LER PRIMEIRO |  A VERDADE SOBRE TER UM TERCEIRO FILHO

A derradeira verdade sobre ter um quarto filho

Quando engravidamos do quarto filho, os mais velhos já são completamente autónomos mas o terceiro é ainda um bebé apesar dos seus quase 4 anos. Não sabemos que estamos grávidas até percebermos que aqueles 3Kg a mais não são por estar a entrar nos 40. Curiosamente sentimo-nos com a energia de uma adolescente, e aguentamos tudo com poucas horas de sono. Parece que estamos grávidas de 6 meses, no dia antes de parir. Já ultrapassamos a fase do stress, e agora adotamos uma postura zen, menos quando estamos a dormir que temos sempre um olho aberto por causa dos outros filhos.

Nesta fase somos super-heroínas

Nada nos afeta, e os enjoos nem tiveram coragem de se manifestar. Não há tempo para nada e mal descansamos por isso, quando é hora de refeição é hora de refeição, e não nos privamos de comer sobremesa sempre que nos apetece. O álcool sabe-nos lindamente até descobrirmos que estamos grávidas. A partir daí voltamos a enfrascarmo-nos em baldes de leite com chocolate. Compramos vitaminas no dia em que descobrimos que estamos grávidas e tomamos religiosamente todos os dias. Tudo o que ajudar a aguentar este ritmo é bem vindo. Redefinimos o conceito de tempo. É a gravidez mais curta da história e é contada em períodos escolares e férias grandes.

Ninguém se dá ao trabalho de nos dar conselhos ou informações sobre bebés

Preocupam-se a dar conselhos sobre contraceptivos. Todos assumem que somos loucas e que só pode ter sido um acidente. As pessoas acotovelam-se a apontar para nós no meio da rua, normalmente de sorriso na cara. Fazem questão de nos contar histórias sinistras sobre o terceiro filho que deixou de falar, comer ou fazer cocó quando nasceu o quarto. E sentiu-se incompreendido toda a vida por isso nunca conseguiu ter uma relação estável. O obstetra já nos conhece de ginjeira e falamos várias vezes por whatsapp.

Como a gravidez se pega, três ou quatro amigas também estão grávidas. As restantes, batem na madeira e continuam com uma vida social agitada.

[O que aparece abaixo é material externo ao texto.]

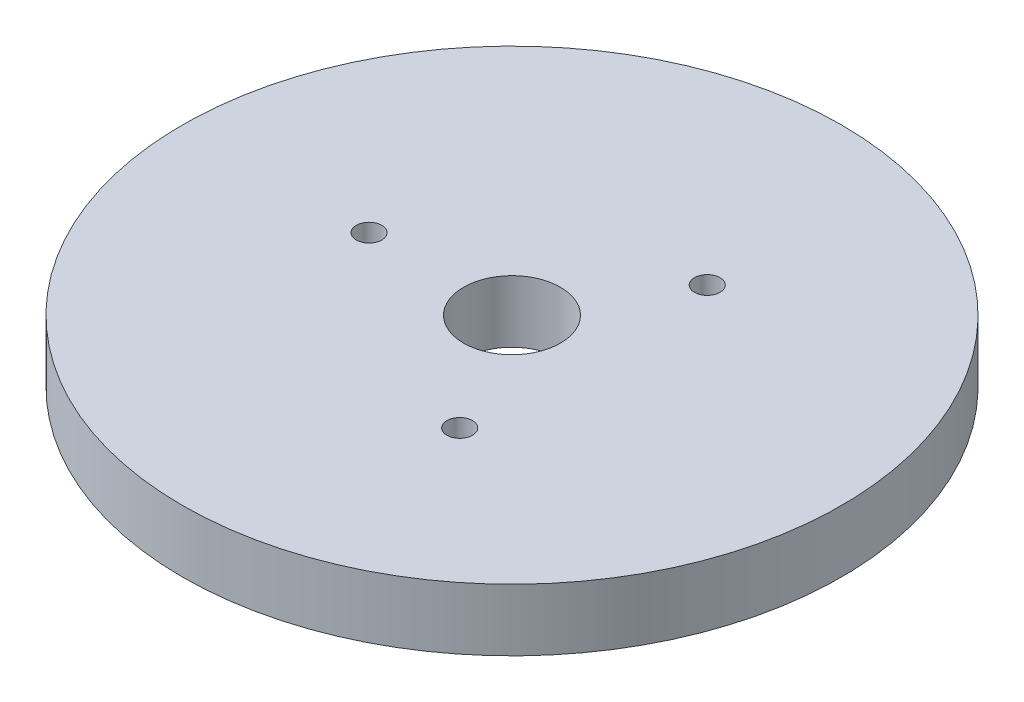
ISO-10303-21;
HEADER;
FILE_DESCRIPTION(('STEP AP214'),'2;1');
FILE_NAME('part.step','',(''),(''),'','','');
FILE_SCHEMA(('AUTOMOTIVE_DESIGN { 1 0 10303 214 1 1 1 1 }'));
ENDSEC;
DATA;
#1=APPLICATION_CONTEXT('core data for automotive mechanical design processes');
#2=APPLICATION_PROTOCOL_DEFINITION('international standard','automotive_design',2000,#1);
#3=PRODUCT_CONTEXT('',#1,'mechanical');
#4=PRODUCT('Part','Part','',(#3));
#5=PRODUCT_RELATED_PRODUCT_CATEGORY('part','',(#4));
#6=PRODUCT_DEFINITION_FORMATION('','',#4);
#7=PRODUCT_DEFINITION_CONTEXT('part definition',#1,'design');
#8=PRODUCT_DEFINITION('design','',#6,#7);
#9=PRODUCT_DEFINITION_SHAPE('','',#8);
#10=(LENGTH_UNIT() NAMED_UNIT(*) SI_UNIT(.MILLI.,.METRE.));
#11=(NAMED_UNIT(*) PLANE_ANGLE_UNIT() SI_UNIT($,.RADIAN.));
#12=(NAMED_UNIT(*) SI_UNIT($,.STERADIAN.) SOLID_ANGLE_UNIT());
#13=UNCERTAINTY_MEASURE_WITH_UNIT(LENGTH_MEASURE(1.E-05),#10,'distance_accuracy_value','');
#14=(GEOMETRIC_REPRESENTATION_CONTEXT(3) GLOBAL_UNCERTAINTY_ASSIGNED_CONTEXT((#13)) GLOBAL_UNIT_ASSIGNED_CONTEXT((#10,
#11,#12)) REPRESENTATION_CONTEXT('',''));
#15=CARTESIAN_POINT('',(0.,0.,0.));
#16=DIRECTION('',(0.,0.,1.));
#17=DIRECTION('',(1.,0.,0.));
#18=AXIS2_PLACEMENT_3D('',#15,#16,#17);
#19=CARTESIAN_POINT('',(0.,16.,0.));
#20=DIRECTION('',(0.,-1.,0.));
#21=DIRECTION('',(0.,0.,-1.));
#22=AXIS2_PLACEMENT_3D('',#19,#20,#21);
#23=CYLINDRICAL_SURFACE('',#22,85.);
#24=CARTESIAN_POINT('',(0.,16.,0.));
#25=DIRECTION('',(0.,1.,0.));
#26=DIRECTION('',(0.,0.,1.));
#27=AXIS2_PLACEMENT_3D('',#24,#25,#26);
#28=CIRCLE('',#27,85.);
#29=CARTESIAN_POINT('',(0.,16.,85.));
#30=VERTEX_POINT('',#29);
#31=EDGE_CURVE('E10',#30,#30,#28,.T.);
#32=ORIENTED_EDGE('',*,*,#31,.F.);
#33=EDGE_LOOP('',(#32));
#34=FACE_BOUND('',#33,.T.);
#35=CARTESIAN_POINT('',(0.,0.,0.));
#36=DIRECTION('',(0.,1.,0.));
#37=DIRECTION('',(0.,0.,1.));
#38=AXIS2_PLACEMENT_3D('',#35,#36,#37);
#39=CIRCLE('',#38,85.);
#40=CARTESIAN_POINT('',(0.,0.,85.));
#41=VERTEX_POINT('',#40);
#42=EDGE_CURVE('E37',#41,#41,#39,.T.);
#43=ORIENTED_EDGE('',*,*,#42,.T.);
#44=EDGE_LOOP('',(#43));
#45=FACE_BOUND('',#44,.T.);
#46=ADVANCED_FACE('F40',(#34,#45),#23,.T.);
#47=CARTESIAN_POINT('',(0.,16.,0.));
#48=DIRECTION('',(0.,1.,0.));
#49=DIRECTION('',(0.,0.,1.));
#50=AXIS2_PLACEMENT_3D('',#47,#48,#49);
#51=PLANE('',#50);
#52=CARTESIAN_POINT('',(18.4331883568552,16.,31.9272187795599));
#53=DIRECTION('',(0.,1.,0.));
#54=DIRECTION('',(0.866025403784436,0.,-0.500000000000004));
#55=AXIS2_PLACEMENT_3D('',#52,#53,#54);
#56=CIRCLE('',#55,3.29468462686718);
#57=CARTESIAN_POINT('',(18.4331883568552,16.,35.2219034064271));
#58=VERTEX_POINT('',#57);
#59=EDGE_CURVE('E70',#58,#58,#56,.T.);
#60=ORIENTED_EDGE('',*,*,#59,.F.);
#61=EDGE_LOOP('',(#60));
#62=FACE_BOUND('',#61,.T.);
#63=CARTESIAN_POINT('',(18.4331883568547,16.,-31.9272187795602));
#64=DIRECTION('',(0.,1.,0.));
#65=DIRECTION('',(-0.866025403784443,0.,-0.499999999999992));
#66=AXIS2_PLACEMENT_3D('',#63,#64,#65);
#67=CIRCLE('',#66,3.29468462686718);
#68=CARTESIAN_POINT('',(18.4331883568547,16.,-28.632534152693));
#69=VERTEX_POINT('',#68);
#70=EDGE_CURVE('E61',#69,#69,#67,.T.);
#71=ORIENTED_EDGE('',*,*,#70,.F.);
#72=EDGE_LOOP('',(#71));
#73=FACE_BOUND('',#72,.T.);
#74=CARTESIAN_POINT('',(-36.8663767137101,16.,0.));
#75=DIRECTION('',(0.,1.,0.));
#76=DIRECTION('',(0.,0.,1.));
#77=AXIS2_PLACEMENT_3D('',#74,#75,#76);
#78=CIRCLE('',#77,3.29468462686718);
#79=CARTESIAN_POINT('',(-36.8663767137101,16.,3.29468462686718));
#80=VERTEX_POINT('',#79);
#81=EDGE_CURVE('E54',#80,#80,#78,.T.);
#82=ORIENTED_EDGE('',*,*,#81,.F.);
#83=EDGE_LOOP('',(#82));
#84=FACE_BOUND('',#83,.T.);
#85=CARTESIAN_POINT('',(0.,16.,0.));
#86=DIRECTION('',(0.,1.,0.));
#87=DIRECTION('',(0.,0.,1.));
#88=AXIS2_PLACEMENT_3D('',#85,#86,#87);
#89=CIRCLE('',#88,12.5);
#90=CARTESIAN_POINT('',(0.,16.,12.5));
#91=VERTEX_POINT('',#90);
#92=EDGE_CURVE('E50',#91,#91,#89,.T.);
#93=ORIENTED_EDGE('',*,*,#92,.F.);
#94=EDGE_LOOP('',(#93));
#95=FACE_BOUND('',#94,.T.);
#96=ORIENTED_EDGE('',*,*,#31,.T.);
#97=EDGE_LOOP('',(#96));
#98=FACE_BOUND('',#97,.T.);
#99=ADVANCED_FACE('F85',(#62,#73,#84,#95,#98),#51,.T.);
#100=CARTESIAN_POINT('',(0.,0.,0.));
#101=DIRECTION('',(0.,1.,0.));
#102=DIRECTION('',(0.,0.,1.));
#103=AXIS2_PLACEMENT_3D('',#100,#101,#102);
#104=PLANE('',#103);
#105=CARTESIAN_POINT('',(0.,0.,0.));
#106=DIRECTION('',(0.,1.,0.));
#107=DIRECTION('',(0.,0.,1.));
#108=AXIS2_PLACEMENT_3D('',#105,#106,#107);
#109=CIRCLE('',#108,12.5);
#110=CARTESIAN_POINT('',(0.,0.,12.5));
#111=VERTEX_POINT('',#110);
#112=EDGE_CURVE('E47',#111,#111,#109,.T.);
#113=ORIENTED_EDGE('',*,*,#112,.T.);
#114=EDGE_LOOP('',(#113));
#115=FACE_BOUND('',#114,.T.);
#116=ORIENTED_EDGE('',*,*,#42,.F.);
#117=EDGE_LOOP('',(#116));
#118=FACE_BOUND('',#117,.T.);
#119=ADVANCED_FACE('F84',(#115,#118),#104,.F.);
#120=CARTESIAN_POINT('',(0.,16.,0.));
#121=DIRECTION('',(0.,-1.,0.));
#122=DIRECTION('',(0.,0.,-1.));
#123=AXIS2_PLACEMENT_3D('',#120,#121,#122);
#124=CYLINDRICAL_SURFACE('',#123,12.5);
#125=ORIENTED_EDGE('',*,*,#92,.T.);
#126=EDGE_LOOP('',(#125));
#127=FACE_BOUND('',#126,.T.);
#128=ORIENTED_EDGE('',*,*,#112,.F.);
#129=EDGE_LOOP('',(#128));
#130=FACE_BOUND('',#129,.T.);
#131=ADVANCED_FACE('F91',(#127,#130),#124,.F.);
#132=CARTESIAN_POINT('',(-36.8663767137101,3.00222049839914,0.));
#133=DIRECTION('',(0.,1.,0.));
#134=DIRECTION('',(0.,0.,1.));
#135=AXIS2_PLACEMENT_3D('',#132,#133,#134);
#136=CYLINDRICAL_SURFACE('',#135,3.29468462686718);
#137=CARTESIAN_POINT('',(-36.8663767137101,3.00222049839914,0.));
#138=DIRECTION('',(0.,1.,0.));
#139=DIRECTION('',(0.,0.,1.));
#140=AXIS2_PLACEMENT_3D('',#137,#138,#139);
#141=CIRCLE('',#140,3.29468462686718);
#142=CARTESIAN_POINT('',(-36.8663767137101,3.00222049839914,3.29468462686718));
#143=VERTEX_POINT('',#142);
#144=EDGE_CURVE('E55',#143,#143,#141,.T.);
#145=CARTESIAN_POINT('',(-36.8663767137101,3.00222049839914,3.29468462686718));
#146=CARTESIAN_POINT('',(-36.8663767137101,3.13761403487415,3.29468462686718));
#147=CARTESIAN_POINT('',(-36.8663767137101,3.27300757134916,3.29468462686718));
#148=CARTESIAN_POINT('',(-36.8663767137101,3.54379464429918,3.29468462686718));
#149=CARTESIAN_POINT('',(-36.8663767137101,3.67918818077419,3.29468462686718));
#150=CARTESIAN_POINT('',(-36.8663767137101,3.94997525372421,3.29468462686718));
#151=CARTESIAN_POINT('',(-36.8663767137101,4.08536879019921,3.29468462686718));
#152=CARTESIAN_POINT('',(-36.8663767137101,4.35615586314923,3.29468462686718));
#153=CARTESIAN_POINT('',(-36.8663767137101,4.49154939962424,3.29468462686718));
#154=CARTESIAN_POINT('',(-36.8663767137101,4.76233647257426,3.29468462686718));
#155=CARTESIAN_POINT('',(-36.8663767137101,4.89773000904927,3.29468462686718));
#156=CARTESIAN_POINT('',(-36.8663767137101,5.16851708199929,3.29468462686718));
#157=CARTESIAN_POINT('',(-36.8663767137101,5.30391061847429,3.29468462686718));
#158=CARTESIAN_POINT('',(-36.8663767137101,5.57469769142431,3.29468462686718));
#159=CARTESIAN_POINT('',(-36.8663767137101,5.71009122789932,3.29468462686718));
#160=CARTESIAN_POINT('',(-36.8663767137101,5.98087830084934,3.29468462686718));
#161=CARTESIAN_POINT('',(-36.8663767137101,6.11627183732435,3.29468462686718));
#162=CARTESIAN_POINT('',(-36.8663767137101,6.38705891027436,3.29468462686718));
#163=CARTESIAN_POINT('',(-36.8663767137101,6.52245244674937,3.29468462686718));
#164=CARTESIAN_POINT('',(-36.8663767137101,6.79323951969939,3.29468462686718));
#165=CARTESIAN_POINT('',(-36.8663767137101,6.9286330561744,3.29468462686718));
#166=CARTESIAN_POINT('',(-36.8663767137101,7.19942012912442,3.29468462686718));
#167=CARTESIAN_POINT('',(-36.8663767137101,7.33481366559943,3.29468462686718));
#168=CARTESIAN_POINT('',(-36.8663767137101,7.60560073854945,3.29468462686718));
#169=CARTESIAN_POINT('',(-36.8663767137101,7.74099427502445,3.29468462686718));
#170=CARTESIAN_POINT('',(-36.8663767137101,8.01178134797447,3.29468462686718));
#171=CARTESIAN_POINT('',(-36.8663767137101,8.14717488444948,3.29468462686718));
#172=CARTESIAN_POINT('',(-36.8663767137101,8.4179619573995,3.29468462686718));
#173=CARTESIAN_POINT('',(-36.8663767137101,8.55335549387451,3.29468462686718));
#174=CARTESIAN_POINT('',(-36.8663767137101,8.82414256682453,3.29468462686718));
#175=CARTESIAN_POINT('',(-36.8663767137101,8.95953610329953,3.29468462686718));
#176=CARTESIAN_POINT('',(-36.8663767137101,9.23032317624955,3.29468462686718));
#177=CARTESIAN_POINT('',(-36.8663767137101,9.36571671272456,3.29468462686718));
#178=CARTESIAN_POINT('',(-36.8663767137101,9.63650378567458,3.29468462686718));
#179=CARTESIAN_POINT('',(-36.8663767137101,9.77189732214959,3.29468462686718));
#180=CARTESIAN_POINT('',(-36.8663767137101,10.0426843950996,3.29468462686718));
#181=CARTESIAN_POINT('',(-36.8663767137101,10.1780779315746,3.29468462686718));
#182=CARTESIAN_POINT('',(-36.8663767137101,10.4488650045246,3.29468462686718));
#183=CARTESIAN_POINT('',(-36.8663767137101,10.5842585409996,3.29468462686718));
#184=CARTESIAN_POINT('',(-36.8663767137101,10.8550456139497,3.29468462686718));
#185=CARTESIAN_POINT('',(-36.8663767137101,10.9904391504247,3.29468462686718));
#186=CARTESIAN_POINT('',(-36.8663767137101,11.2612262233747,3.29468462686718));
#187=CARTESIAN_POINT('',(-36.8663767137101,11.3966197598497,3.29468462686718));
#188=CARTESIAN_POINT('',(-36.8663767137101,11.6674068327997,3.29468462686718));
#189=CARTESIAN_POINT('',(-36.8663767137101,11.8028003692747,3.29468462686718));
#190=CARTESIAN_POINT('',(-36.8663767137101,12.0735874422247,3.29468462686718));
#191=CARTESIAN_POINT('',(-36.8663767137101,12.2089809786997,3.29468462686718));
#192=CARTESIAN_POINT('',(-36.8663767137101,12.4797680516498,3.29468462686718));
#193=CARTESIAN_POINT('',(-36.8663767137101,12.6151615881248,3.29468462686718));
#194=CARTESIAN_POINT('',(-36.8663767137101,12.8859486610748,3.29468462686718));
#195=CARTESIAN_POINT('',(-36.8663767137101,13.0213421975498,3.29468462686718));
#196=CARTESIAN_POINT('',(-36.8663767137101,13.2921292704998,3.29468462686718));
#197=CARTESIAN_POINT('',(-36.8663767137101,13.4275228069748,3.29468462686718));
#198=CARTESIAN_POINT('',(-36.8663767137101,13.6983098799248,3.29468462686718));
#199=CARTESIAN_POINT('',(-36.8663767137101,13.8337034163999,3.29468462686718));
#200=CARTESIAN_POINT('',(-36.8663767137101,14.1044904893499,3.29468462686718));
#201=CARTESIAN_POINT('',(-36.8663767137101,14.2398840258249,3.29468462686718));
#202=CARTESIAN_POINT('',(-36.8663767137101,14.5106710987749,3.29468462686718));
#203=CARTESIAN_POINT('',(-36.8663767137101,14.6460646352499,3.29468462686718));
#204=CARTESIAN_POINT('',(-36.8663767137101,14.9168517081999,3.29468462686718));
#205=CARTESIAN_POINT('',(-36.8663767137101,15.0522452446749,3.29468462686718));
#206=CARTESIAN_POINT('',(-36.8663767137101,15.323032317625,3.29468462686718));
#207=CARTESIAN_POINT('',(-36.8663767137101,15.4584258541,3.29468462686718));
#208=CARTESIAN_POINT('',(-36.8663767137101,15.72921292705,3.29468462686718));
#209=CARTESIAN_POINT('',(-36.8663767137101,15.864606463525,3.29468462686718));
#210=CARTESIAN_POINT('',(-36.8663767137101,16.,3.29468462686718));
#211=B_SPLINE_CURVE_WITH_KNOTS('',3,(#145,#146,#147,#148,#149,#150,#151,#152,#153,#154,#155,
#156,#157,#158,#159,#160,#161,#162,#163,#164,#165,#166,#167,#168,#169,#170,#171,#172,#173,#174,
#175,#176,#177,#178,#179,#180,#181,#182,#183,#184,#185,#186,#187,#188,#189,#190,#191,#192,#193,
#194,#195,#196,#197,#198,#199,#200,#201,#202,#203,#204,#205,#206,#207,#208,#209,#210),
.UNSPECIFIED.,.F.,.F.,(4,2,2,2,2,2,2,2,2,2,2,2,2,2,2,2,2,2,2,2,2,2,2,2,2,2,2,2,2,2,2,2,4),(0.,
0.406180609425026,0.812361218850053,1.21854182827508,1.62472243770011,2.03090304712513,
2.43708365655016,2.84326426597519,3.24944487540021,3.65562548482524,4.06180609425027,
4.46798670367529,4.87416731310032,5.28034792252535,5.68652853195037,6.0927091413754,
6.49888975080043,6.90507036022546,7.31125096965048,7.71743157907551,8.12361218850053,
8.52979279792556,8.93597340735059,9.34215401677561,9.74833462620064,10.1545152356257,
10.5606958450507,10.9668764544757,11.3730570639007,11.7792376733258,12.1854182827508,
12.5915988921758,12.9977795016009),.UNSPECIFIED.);
#212=EDGE_CURVE('BSEAM96',#143,#80,#211,.T.);
#213=ORIENTED_EDGE('',*,*,#144,.F.);
#214=ORIENTED_EDGE('',*,*,#81,.T.);
#215=ORIENTED_EDGE('',*,*,#212,.T.);
#216=ORIENTED_EDGE('',*,*,#212,.F.);
#217=EDGE_LOOP('',(#213,#215,#214,#216));
#218=FACE_BOUND('',#217,.T.);
#219=ADVANCED_FACE('F96',(#218),#136,.F.);
#220=CARTESIAN_POINT('',(-36.8663767137101,3.00222049839914,0.));
#221=DIRECTION('',(0.,1.,0.));
#222=DIRECTION('',(0.,0.,1.));
#223=AXIS2_PLACEMENT_3D('',#220,#221,#222);
#224=PLANE('',#223);
#225=ORIENTED_EDGE('',*,*,#144,.T.);
#226=EDGE_LOOP('',(#225));
#227=FACE_BOUND('',#226,.T.);
#228=ADVANCED_FACE('F127',(#227),#224,.T.);
#229=CARTESIAN_POINT('',(18.4331883568547,3.00222049839914,-31.9272187795602));
#230=DIRECTION('',(0.,1.,0.));
#231=DIRECTION('',(0.,0.,1.));
#232=AXIS2_PLACEMENT_3D('',#229,#230,#231);
#233=CYLINDRICAL_SURFACE('',#232,3.29468462686718);
#234=CARTESIAN_POINT('',(18.4331883568547,3.00222049839914,-31.9272187795602));
#235=DIRECTION('',(0.,1.,0.));
#236=DIRECTION('',(-0.866025403784443,0.,-0.499999999999992));
#237=AXIS2_PLACEMENT_3D('',#234,#235,#236);
#238=CIRCLE('',#237,3.29468462686718);
#239=CARTESIAN_POINT('',(18.4331883568547,3.00222049839914,-28.632534152693));
#240=VERTEX_POINT('',#239);
#241=EDGE_CURVE('E63',#240,#240,#238,.T.);
#242=CARTESIAN_POINT('',(18.4331883568547,3.00222049839914,-28.632534152693));
#243=CARTESIAN_POINT('',(18.4331883568547,3.13761403487415,-28.632534152693));
#244=CARTESIAN_POINT('',(18.4331883568547,3.27300757134916,-28.632534152693));
#245=CARTESIAN_POINT('',(18.4331883568547,3.54379464429918,-28.632534152693));
#246=CARTESIAN_POINT('',(18.4331883568547,3.67918818077419,-28.632534152693));
#247=CARTESIAN_POINT('',(18.4331883568547,3.94997525372421,-28.632534152693));
#248=CARTESIAN_POINT('',(18.4331883568547,4.08536879019921,-28.632534152693));
#249=CARTESIAN_POINT('',(18.4331883568547,4.35615586314923,-28.632534152693));
#250=CARTESIAN_POINT('',(18.4331883568547,4.49154939962424,-28.632534152693));
#251=CARTESIAN_POINT('',(18.4331883568547,4.76233647257426,-28.632534152693));
#252=CARTESIAN_POINT('',(18.4331883568547,4.89773000904927,-28.632534152693));
#253=CARTESIAN_POINT('',(18.4331883568547,5.16851708199929,-28.632534152693));
#254=CARTESIAN_POINT('',(18.4331883568547,5.30391061847429,-28.632534152693));
#255=CARTESIAN_POINT('',(18.4331883568547,5.57469769142431,-28.632534152693));
#256=CARTESIAN_POINT('',(18.4331883568547,5.71009122789932,-28.632534152693));
#257=CARTESIAN_POINT('',(18.4331883568547,5.98087830084934,-28.632534152693));
#258=CARTESIAN_POINT('',(18.4331883568547,6.11627183732435,-28.632534152693));
#259=CARTESIAN_POINT('',(18.4331883568547,6.38705891027436,-28.632534152693));
#260=CARTESIAN_POINT('',(18.4331883568547,6.52245244674937,-28.632534152693));
#261=CARTESIAN_POINT('',(18.4331883568547,6.79323951969939,-28.632534152693));
#262=CARTESIAN_POINT('',(18.4331883568547,6.9286330561744,-28.632534152693));
#263=CARTESIAN_POINT('',(18.4331883568547,7.19942012912442,-28.632534152693));
#264=CARTESIAN_POINT('',(18.4331883568547,7.33481366559943,-28.632534152693));
#265=CARTESIAN_POINT('',(18.4331883568547,7.60560073854945,-28.632534152693));
#266=CARTESIAN_POINT('',(18.4331883568547,7.74099427502445,-28.632534152693));
#267=CARTESIAN_POINT('',(18.4331883568547,8.01178134797447,-28.632534152693));
#268=CARTESIAN_POINT('',(18.4331883568547,8.14717488444948,-28.632534152693));
#269=CARTESIAN_POINT('',(18.4331883568547,8.4179619573995,-28.632534152693));
#270=CARTESIAN_POINT('',(18.4331883568547,8.55335549387451,-28.632534152693));
#271=CARTESIAN_POINT('',(18.4331883568547,8.82414256682453,-28.632534152693));
#272=CARTESIAN_POINT('',(18.4331883568547,8.95953610329953,-28.632534152693));
#273=CARTESIAN_POINT('',(18.4331883568547,9.23032317624955,-28.632534152693));
#274=CARTESIAN_POINT('',(18.4331883568547,9.36571671272456,-28.632534152693));
#275=CARTESIAN_POINT('',(18.4331883568547,9.63650378567458,-28.632534152693));
#276=CARTESIAN_POINT('',(18.4331883568547,9.77189732214959,-28.632534152693));
#277=CARTESIAN_POINT('',(18.4331883568547,10.0426843950996,-28.632534152693));
#278=CARTESIAN_POINT('',(18.4331883568547,10.1780779315746,-28.632534152693));
#279=CARTESIAN_POINT('',(18.4331883568547,10.4488650045246,-28.632534152693));
#280=CARTESIAN_POINT('',(18.4331883568547,10.5842585409996,-28.632534152693));
#281=CARTESIAN_POINT('',(18.4331883568547,10.8550456139497,-28.632534152693));
#282=CARTESIAN_POINT('',(18.4331883568547,10.9904391504247,-28.632534152693));
#283=CARTESIAN_POINT('',(18.4331883568547,11.2612262233747,-28.632534152693));
#284=CARTESIAN_POINT('',(18.4331883568547,11.3966197598497,-28.632534152693));
#285=CARTESIAN_POINT('',(18.4331883568547,11.6674068327997,-28.632534152693));
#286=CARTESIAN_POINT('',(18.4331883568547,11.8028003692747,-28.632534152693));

Perguntam-nos, onde quer que vamos “É o primeiro?” Quando dizemos que é o quarto, ficam com cara de Mona Lisa, e acabam por soltar uma bojarda qualquer tipo:

“- Eh lá, isso é que é! Grande coragem… tinha só rapazes, era?”

– “Não, já tínhamos dos dois sexos, por isso devemos ser mesmo estúpidos por fazer mais uma criança!”

Lemos artigos sobre maternidade nas redes sociais e nos blogues e tiramos dúvidas nos grupos de mães.

A Criança vai ficar com o nome do pai ou da mãe ou do periquito. Montamos o berço ao lado da nossa cama e esperamos que o bebe caiba lá até aos 2 anos porque não há quarto para ele.

Já não temos quase nada de enxoval, mas as coisas vão aparecendo através de amigas e familiares. Mesmo assim fazemos questão de comprar cueiros e outras peças que duram um mês, porque na verdade estamos cheias de saudades de roupa tamanho zero.  Os miúdos passam a vida a ver televisão e já mal controlamos as gravações que fazem. Já não se fala sobre pierciengs e tatuagens: eles não falam sobre isso, nós temos tanto com que nos preocupar, que se algum aparecer com um mamilo furado é um mal menor. A Dora e o Ruca já desapareceram da nossa casa, e na verdade, até preferíamos que voltassem porque, pelo andar da carruagem, este bebé vai ser fã de DragonBall e Violletas aos 18 meses.

O bebé nasce. E sentimo-lo como se fosse o primeiro filho.

Este filho vai fazer-nos perceber a quantidade de amor de que um coração humano é capaz. Vamos olhar para os mais velhos com outros olhos, e perceber o doloroso que é estar longe deles. Vamos perceber que eles continuam a precisar de nós tanto como o bebé. Vamos ter de gerir o nosso tempo, porque a capacidade de amar multiplica-se, mas o tempo não!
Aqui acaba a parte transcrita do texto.